• _WORK ITEM_
Could you set down exactly the lines in the records below between the line holding "constraint coincident A10 L15.start" and the line holding "constraint coincident A14 L19.end", inclusive?

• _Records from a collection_

========================

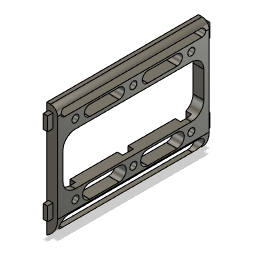
frontmount_a (Autodesk Fusion 360 design; units mm, degrees)
Autodesk Fusion 360 part; units mm, degrees
note: some values were not read from the file. Set by a fixed rule: which sketch regions a step uses.
sketch "Sketch1" plane through (0, 0, 0) normal (0, 0, 1) x (1, 0, 0)
  line L0 (0, 0) -> (0, 36)
  line L1 (0, 36) -> (2.4, 36)
  line L2 (2.4, 36) -> (2.4, 43.7)
  line L3 (2.4, 43.7) -> (0, 43.7)
  line L4 (0, 43.7) -> (0, 36)
  line L5 (0, 0) -> (2.4, 0)
  line L6 (2.4, 0) -> (2.4, -7.7)
  line L7 (2.4, -7.7) -> (0, -7.7)
  line L8 (0, -7.7) -> (0, 0)
  line L9 (5.042, 43.2) -> (5.042, -6.8)
  line L10 (0, 0) -> (0, -8)
  line L11 (0, -8) -> (-2.47, -8)
  line L12 (0, 36) -> (0, 44)
  line L13 (0, 43.7) -> (0, 47.2)
  line L14 (0, 47.2) -> (1.042, 47.2)
  line L15 (1.042, 47.2) -> (1.042, 43.2)
  arc A0 (5.042, 43.2) -> (1.042, 47.2) centre (1.042, 43.2) ccw
  line L16 (0, 47.2) -> (-1, 47.2)
  line L17 (-1, 47.2) -> (-1, -7.7)
  line L18 (-2.47, -8) -> (-2.47, -18.104)
  arc A1 (-2.47, -18.104) -> (5.042, -6.8) centre (-7.2191, -6.8) ccw
  line L19 (-1, -7.7) -> (-1, -17.3668)
  dimension "d1" = 36
  dimension "d2" = 2.4
  dimension "d3" = 7.7
  dimension "d4" = 2.4
  dimension "d5" = 7.7
  dimension "d9" = 50
  dimension "d11" = 8
  dimension "d12" = 2.47
  dimension "d14" = 8
  dimension "d15" = 3.5
  dimension "d16" = 1.042
  dimension "d17" = 4
  dimension "d18" = 1
  dimension "d19" = 10.104
  constraint coincident L0.start L5.start
  constraint vertical L0
  constraint horizontal L1
  constraint vertical L2
  constraint horizontal L3
  constraint vertical L4
  constraint horizontal L5
  constraint vertical L6
  constraint horizontal L7
  constraint vertical L8
  constraint vertical L9
  constraint perpendicular L5 L10
  constraint perpendicular L10 L11
  constraint perpendicular L1 L12
  constraint perpendicular L3 L13
  constraint perpendicular L13 L14
  constraint perpendicular L14 L15
  constraint coincident L15.end A0.centre
  constraint perpendicular L13 L16
  constraint perpendicular L7 L17
  constraint perpendicular L11 L18
  constraint tangent L9 A1
  constraint coincident A1 L19.end
  constraint perpendicular L11 L19
  measures "d1" distance of L0.start L0.end
  measures "d2" distance of L0.end L1.end
  measures "d3" distance of L0.end L3.end
  measures "d4" distance of L0.start L5.end
  measures "d5" distance of L0.start L7.end
  measures "d9" distance of L9.start L9.end
  measures "d11" distance of L0.start L10.end
  measures "d12" distance of L10.end L11.end
  measures "d14" distance of L0.end L12.end
  measures "d15" distance of L3.end L13.end
  measures "d16" distance of L13.end L14.end
  measures "d17" distance of L14.end L15.end
  measures "d18" distance of L13.end L16.end
  measures "d19" distance of L11.end L18.end
extrude "Extrude1" add sketch "Sketch1" against normal blind 3 contours L5 L6 L7 L8 L10 | L1 L2 L3 L4 L12 makes body 1 at (0, 41.1333, -1) makes body 2 at (2.4, -2.5667, -1)
extrude "Extrude2" add sketch "Sketch1" along normal blind 85 contours L0 L4 L8 L10 L11 L12 L13 L16 L17 L19 | L0 L1 L2 L3 L5 L6 L7 L9 L10 L11 L15 A0 A1 L19 | L5 L6 L7 L8 L10 | L1 L2 L3 L4 L12 | L3 L12 L13 L14 L15 bodies 1 2
sketch "Sketch2" plane through (0, 0, 85) normal (0, 0, 1) x (1, 0, 0)
  line L0 (1.042, 47.2) -> (-1, 47.2)
  line L1 (-1, 47.2) -> (-1, -17.3668)
  arc A0 (-1, -17.3668) -> (5.042, -6.8) centre (-7.2191, -6.8) ccw
  line L2 (5.042, -6.8) -> (5.042, 43.2)
  arc A1 (5.042, 43.2) -> (1.042, 47.2) centre (1.042, 43.2) ccw
  line L3 (-1, 47.2) -> (0, 47.2)
  line L4 (0, 47.2) -> (0, 43.7)
  line L5 (0, 43.7) -> (2.4, 43.7)
  line L6 (2.4, 43.7) -> (2.4, 36)
  line L7 (2.4, 36) -> (0, 36)
  line L8 (0, 36) -> (0, 43.7)
  line L9 (0, 0) -> (2.4, 0)
  line L10 (2.4, 0) -> (2.4, -7.7)
  line L11 (2.4, -7.7) -> (0, -7.7)
  line L12 (0, -7.7) -> (0, 0)
  dimension "d24" = 1
  dimension "d25" = 3.5
  dimension "d26" = 2.4
  dimension "d27" = 7.7
  dimension "d28" = 2.4
  dimension "d29" = 7.7
  constraint coincident L0.end L1.start
  constraint perpendicular L1 L3
  constraint perpendicular L0 L4
  constraint horizontal L5
  constraint vertical L6
  constraint horizontal L7
  constraint vertical L8
  constraint horizontal L9
  constraint vertical L10
  constraint horizontal L11
  constraint vertical L12
  constraint coincident L9.start L12.end
  measures "d24" distance of L0.end L3.end
  measures "d25" distance of L3.end L4.end
  measures "d26" distance of L4.end L5.end
  measures "d27" distance of L4.end L7.end
  measures "d28" distance of L9.start L9.end
  measures "d29" distance of L9.start L11.end
extrude "Extrude3" add sketch "Sketch2" along normal blind 3 contours L5 L6 L7 L8 | L9 L10 L11 L12 bodies 1
sketch "Sketch3" plane through (-1, 0, 0) normal (-1, 0, 0) x (0, 0, 1)
  line L0 (0, 47.2) -> (0, -17.3668)
  line L1 (0, -17.3668) -> (85, -17.3668)
  line L2 (85, -17.3668) -> (85, 47.2)
  line L3 (85, 47.2) -> (0, 47.2)
  line L4 (0, 47.2) -> (10, 47.2)
  line L5 (10, 47.2) -> (10, 32.2)
  line L6 (0, 47.2) -> (0, 25.2)
  line L7 (0, 25.2) -> (3, 25.2)
  line L8 (3, 25.2) -> (10, 25.2)
  arc A0 (10, 32.2) -> (3, 25.2) centre (10, 25.2) ccw
  line L9 (85, 47.2) -> (75, 47.2)
  line L10 (75, 47.2) -> (75, 32.2)
  line L11 (10, 32.2) -> (75, 32.2)
  line L12 (75, 32.2) -> (75, 25.2)
  arc A1 (81.9991, 25.3094) -> (75, 32.2) centre (75, 25.2) ccw
  line L13 (75, 25.2) -> (75, 10.2)
  arc A2 (75.0001, 3.2009) -> (81.9991, 10.2) centre (75, 10.2) ccw
  line L14 (10, 25.2) -> (10, 10.2)
  arc A3 (3, 10.2) -> (10, 3.2) centre (10, 10.2) ccw
  line L15 (3, 25.2) -> (3, 10.2)
  line L16 (10, 3.2) -> (75.0001, 3.2009)
  line L17 (81.9991, 10.2) -> (81.9991, 25.3094)
  dimension "d32" = 10
  dimension "d33" = 15
  dimension "d34" = 22
  dimension "d35" = 3
  dimension "d37" = 10
  dimension "d38" = 15
  dimension "d39" = 7
  dimension "d235" = 15
  dimension "d236" = 15
  constraint coincident L0.start L3.end
  constraint perpendicular L0 L4
  constraint perpendicular L3 L5
  constraint perpendicular L3 L6
  constraint perpendicular L6 L7
  constraint perpendicular L5 L8
  constraint coincident L8.end A0.centre
  constraint coincident L2.end L3.start
  constraint perpendicular L2 L9
  constraint perpendicular L3 L10
  constraint perpendicular L11 L12
  constraint coincident L12.end A1.centre
  constraint parallel L12 L13
  constraint coincident L13.end A2.centre
  constraint perpendicular L8 L14
  constraint coincident L14.end A3.centre
  constraint tangent A3 L15
  constraint tangent A2 L16
  constraint parallel L15 L17
  measures "d32" distance of L0.start L4.end
  measures "d33" distance of L4.end L5.end
  measures "d34" distance of L0.start L6.end
  measures "d35" distance of L6.end L7.end
  measures "d37" distance of L2.end L9.end
  measures "d38" distance of L9.end L10.end
  measures "d39" distance of L10.end L12.end
  measures "d235" distance of L12.end L13.end
  measures "d236" distance of L8.end L14.end
extrude "Extrude4" cut sketch "Sketch3" against normal blind 7 contours A0 L11 A1 A2 A3 L15 L16 L17 bodies 1
sketch "Sketch9" plane through (5.042, 0, 0) normal (1, 0, 0) x (0, 0, -1)
  line L0 (-75, 32.2) -> (-10, 32.2)
  arc A0 (-3, 25.2) -> (-10, 32.2) centre (-10, 25.2) ccw
  line L1 (-85, -6.8) -> (0, -6.8)
  line L2 (0, -6.8) -> (0, 43.2)
  line L3 (0, 43.2) -> (-85, 43.2)
  line L4 (-85, 43.2) -> (-85, -6.8)
  arc A1 (-75, 32.2) -> (-81.9991, 25.3094) centre (-75, 25.2) ccw
  line L5 (-74.9738, 2.9647) -> (-74.9738, -2.0353)
  line L6 (-75, 32.2) -> (-75, 37.2)
  line L7 (-9.9997, 3.2) -> (-9.9816, -1.8)
  line L8 (-42.4868, 3.0823) -> (-42.4686, -1.9176)
  line L9 (-10, 32.2) -> (-10, 37.2)
  line L10 (-42.5, 32.2) -> (-42.5, 37.2)
  circle A2 centre (-42.5, 37.2) radius 2
  circle A3 centre (-10, 37.2) radius 2
  circle A4 centre (-75, 37.2) radius 2
  circle A5 centre (-74.9738, -2.0353) radius 2
  circle A6 centre (-42.4686, -1.9176) radius 2
  circle A7 centre (-9.9816, -1.8) radius 2
  line L11 (-3, 25.2) -> (-3, 10.2)
  arc A8 (-10, 3.2) -> (-3, 10.2) centre (-10, 10.2) ccw
  line L12 (-10, 3.2) -> (-75.0001, 3.2009)
  arc A9 (-81.9991, 10.2) -> (-75.0001, 3.2009) centre (-75, 10.2) ccw
  line L13 (-81.9991, 10.2) -> (-81.9991, 25.3094)
  dimension "d151" = 5
  dimension "d152" = 5
  dimension "d153" = 5
  dimension "d154" = 5
  dimension "d155" = 5
  dimension "d156" = 5
  dimension "d157" = 4
  dimension "d158" = 4
  dimension "d159" = 4
  dimension "d160" = 4
  dimension "d161" = 4
  dimension "d162" = 4
  constraint coincident L0.start A1.start
  constraint perpendicular L1 L5
  constraint perpendicular L3 L6
  constraint coincident L0.end A0.end
  constraint perpendicular L0 L9
  constraint midpoint L0 L10.start
  constraint perpendicular L0 L10
  constraint coincident L10.end A2.centre
  constraint coincident L9.end A3.centre
  constraint coincident L6.end A4.centre
  constraint coincident L5.end A5.centre
  constraint coincident L8.end A6.centre
  constraint coincident L7.end A7.centre
  measures "d151" distance of L5.start L5.end
  measures "d152" distance of L0.start L6.end
  measures "d153" distance of L7.start L7.end
  measures "d154" distance of L8.start L8.end
  measures "d155" distance of L0.end L9.end
  measures "d156" distance of L10.start L10.end
  measures "d157" diameter of A2
  measures "d158" diameter of A3
  measures "d159" diameter of A4
  measures "d160" diameter of A5
  measures "d161" diameter of A6
  measures "d162" diameter of A7
extrude "Extrude18" cut sketch "Sketch9" against normal blind 20 contours A2 | A3 | A4 | A5 | A6 | A7 bodies 1
sketch "Sketch13" plane through (-1, 0, 0) normal (-1, 0, 0) x (0, 0, 1)
  circle A0 centre (10, 37.2) radius 2
  circle A1 centre (74.9738, -2.0353) radius 2
  circle A2 centre (42.5, 37.2) radius 2
  circle A3 centre (9.9816, -1.8) radius 2
  circle A4 centre (42.4686, -1.9176) radius 2
  circle A5 centre (75, 37.2) radius 2
  arc A6 (10, 32.2) -> (3, 25.2) centre (10, 25.2) ccw
  line L0 (10, 32.2) -> (75, 32.2)
  arc A7 (81.9991, 25.3094) -> (75, 32.2) centre (75, 25.2) ccw
  line L1 (0, 47.2) -> (0, -17.3668)
  line L2 (0, -17.3668) -> (85, -17.3668)
  line L3 (85, -17.3668) -> (85, 47.2)
  line L4 (85, 47.2) -> (0, 47.2)
  circle A8 centre (74.9738, -2.0353) radius 3
  circle A9 centre (42.4686, -1.9176) radius 3
  circle A10 centre (9.9816, -1.8) radius 3
  circle A11 centre (10, 37.2) radius 3
  circle A12 centre (42.5, 37.2) radius 3
  circle A13 centre (75, 37.2) radius 3
  line L5 (78, 37.2) -> (78, 31.5246)
  line L6 (72, 37.2) -> (72, 32.2)
  line L7 (45.5, 37.2) -> (45.5, 32.2)
  line L8 (39.5, 37.2) -> (39.5, 32.2)
  line L9 (13, 37.2) -> (13, 32.2)
  line L10 (7, 37.2) -> (7, 31.5246)
  line L11 (3, 10.2) -> (3, 25.2)
  line L12 (81.9991, 25.3094) -> (81.9991, 10.2)
  arc A14 (75.0001, 3.2009) -> (81.9991, 10.2) centre (75, 10.2) ccw
  line L13 (75.0001, 3.2009) -> (10, 3.2)
  arc A15 (3, 10.2) -> (10, 3.2) centre (10, 10.2) ccw
  line L14 (6.9816, -1.8) -> (6.9816, 3.8842)
  line L15 (12.9816, -1.8) -> (12.9816, 3.2)
  line L16 (39.4686, -1.9176) -> (39.4686, 3.2004)
  line L17 (45.4686, -1.9176) -> (45.4686, 3.2005)
  line L18 (71.9738, -2.0353) -> (71.9738, 3.2008)
  line L19 (77.9738, -2.0353) -> (77.9738, 3.864)
  dimension "d163" = 6
  dimension "d164" = 6
  dimension "d165" = 6
  dimension "d166" = 6
  dimension "d167" = 6
  dimension "d168" = 6
  constraint concentric A1 A8
  constraint concentric A4 A9
  constraint concentric A3 A10
  constraint concentric A0 A11
  constraint concentric A2 A12
  constraint concentric A5 A13
  constraint coincident A13 L5.start
  constraint coincident A7 L5.end
  constraint tangent A13 L5
  constraint vertical L5
  constraint coincident A13 L6.start
  constraint coincident L0 L6.end
  constraint tangent A13 L6
  constraint perpendicular L0 L6
  constraint coincident A12 L7.start
  constraint coincident L0 L7.end
  constraint tangent A12 L7
  constraint perpendicular L0 L7
  constraint coincident A12 L8.start
  constraint coincident L0 L8.end
  constraint tangent A12 L8
  constraint perpendicular L0 L8
  constraint coincident A11 L9.start
  constraint coincident L0 L9.end
  constraint tangent A11 L9
  constraint perpendicular L0 L9
  constraint coincident A11 L10.start
  constraint coincident A6 L10.end
  constraint tangent A11 L10
  constraint perpendicular L0 L10
  constraint coincident A10 L14.start
  constraint coincident A15 L14.end
  constraint tangent A10 L14
  constraint vertical L14
  constraint coincident A10 L15.start
  constraint coincident L13 L15.end
  constraint tangent A10 L15
  constraint vertical L15
  constraint coincident A9 L16.start
  constraint coincident L13 L16.end
  constraint tangent A9 L16
  constraint vertical L16
  constraint coincident A9 L17.start
  constraint coincident L13 L17.end
  constraint tangent A9 L17
  constraint parallel L16 L17
  constraint coincident A8 L18.start
  constraint coincident L13 L18.end
  constraint tangent A8 L18
  constraint parallel L17 L18
  constraint coincident A8 L19.start
  constraint coincident A14 L19.end
  constraint tangent A8 L19
  constraint parallel L18 L19
  measures "d163" diameter of A8
  measures "d164" diameter of A9
  measures "d165" diameter of A10
  measures "d166" diameter of A11
  measures "d167" diameter of A12
  measures "d168" diameter of A13
extrude "Extrude23" cut sketch "Sketch13" against normal blind 3 contours A6 L0 A11 L9 L10 | A11 | L0 A12 L7 L8 | A12 | A10 L13 A15 L14 L15 | L0 A7 A13 L5 L6 | A10 | A13 | A9 L13 L16 L17 | A9 | A8 A14 L13 L18 L19 | A8 bodies 1
sketch "Sketch14" plane through (-1, 0, 0) normal (-1, 0, 0) x (0, 0, 1)
  line L0 (0, 47.2) -> (0, -17.3668)
  line L1 (0, -17.3668) -> (85, -17.3668)
  line L2 (85, -17.3668) -> (85, 47.2)
  line L3 (85, 47.2) -> (0, 47.2)
  arc A0 (7, 31.5246) -> (3, 25.2) centre (10, 25.2) ccw
  line L4 (7, 31.5246) -> (7, 37.2)
  arc A1 (13, 37.2) -> (7, 37.2) centre (10, 37.2) ccw
  line L5 (13, 37.2) -> (13, 32.2)
  line L6 (13, 32.2) -> (39.5, 32.2)
  line L7 (39.5, 32.2) -> (39.5, 37.2)
  arc A2 (45.5, 37.2) -> (39.5, 37.2) centre (42.5, 37.2) ccw
  line L8 (45.5, 37.2) -> (45.5, 32.2)
  line L9 (45.5, 32.2) -> (72, 32.2)
  line L10 (72, 32.2) -> (72, 37.2)
  arc A3 (78, 37.2) -> (72, 37.2) centre (75, 37.2) ccw
  line L11 (78, 37.2) -> (78, 31.5246)
  arc A4 (81.9991, 25.3094) -> (78, 31.5246) centre (75, 25.2) ccw
  line L12 (0, -11.3668) -> (6, -11.3668)
  line L13 (85, -11.3668) -> (79, -11.3668)
  circle A5 centre (6, -11.3668) radius 4
  circle A6 centre (79, -11.3668) radius 4
  line L14 (79, -7.3668) -> (6, -7.3668)
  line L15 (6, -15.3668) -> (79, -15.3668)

========================

• _YOUR SOLUTION_
  constraint coincident A10 L15.start
  constraint coincident L13 L15.end
  constraint tangent A10 L15
  constraint vertical L15
  constraint coincident A9 L16.start
  constraint coincident L13 L16.end
  constraint tangent A9 L16
  constraint vertical L16
  constraint coincident A9 L17.start
  constraint coincident L13 L17.end
  constraint tangent A9 L17
  constraint parallel L16 L17
  constraint coincident A8 L18.start
  constraint coincident L13 L18.end
  constraint tangent A8 L18
  constraint parallel L17 L18
  constraint coincident A8 L19.start
  constraint coincident A14 L19.end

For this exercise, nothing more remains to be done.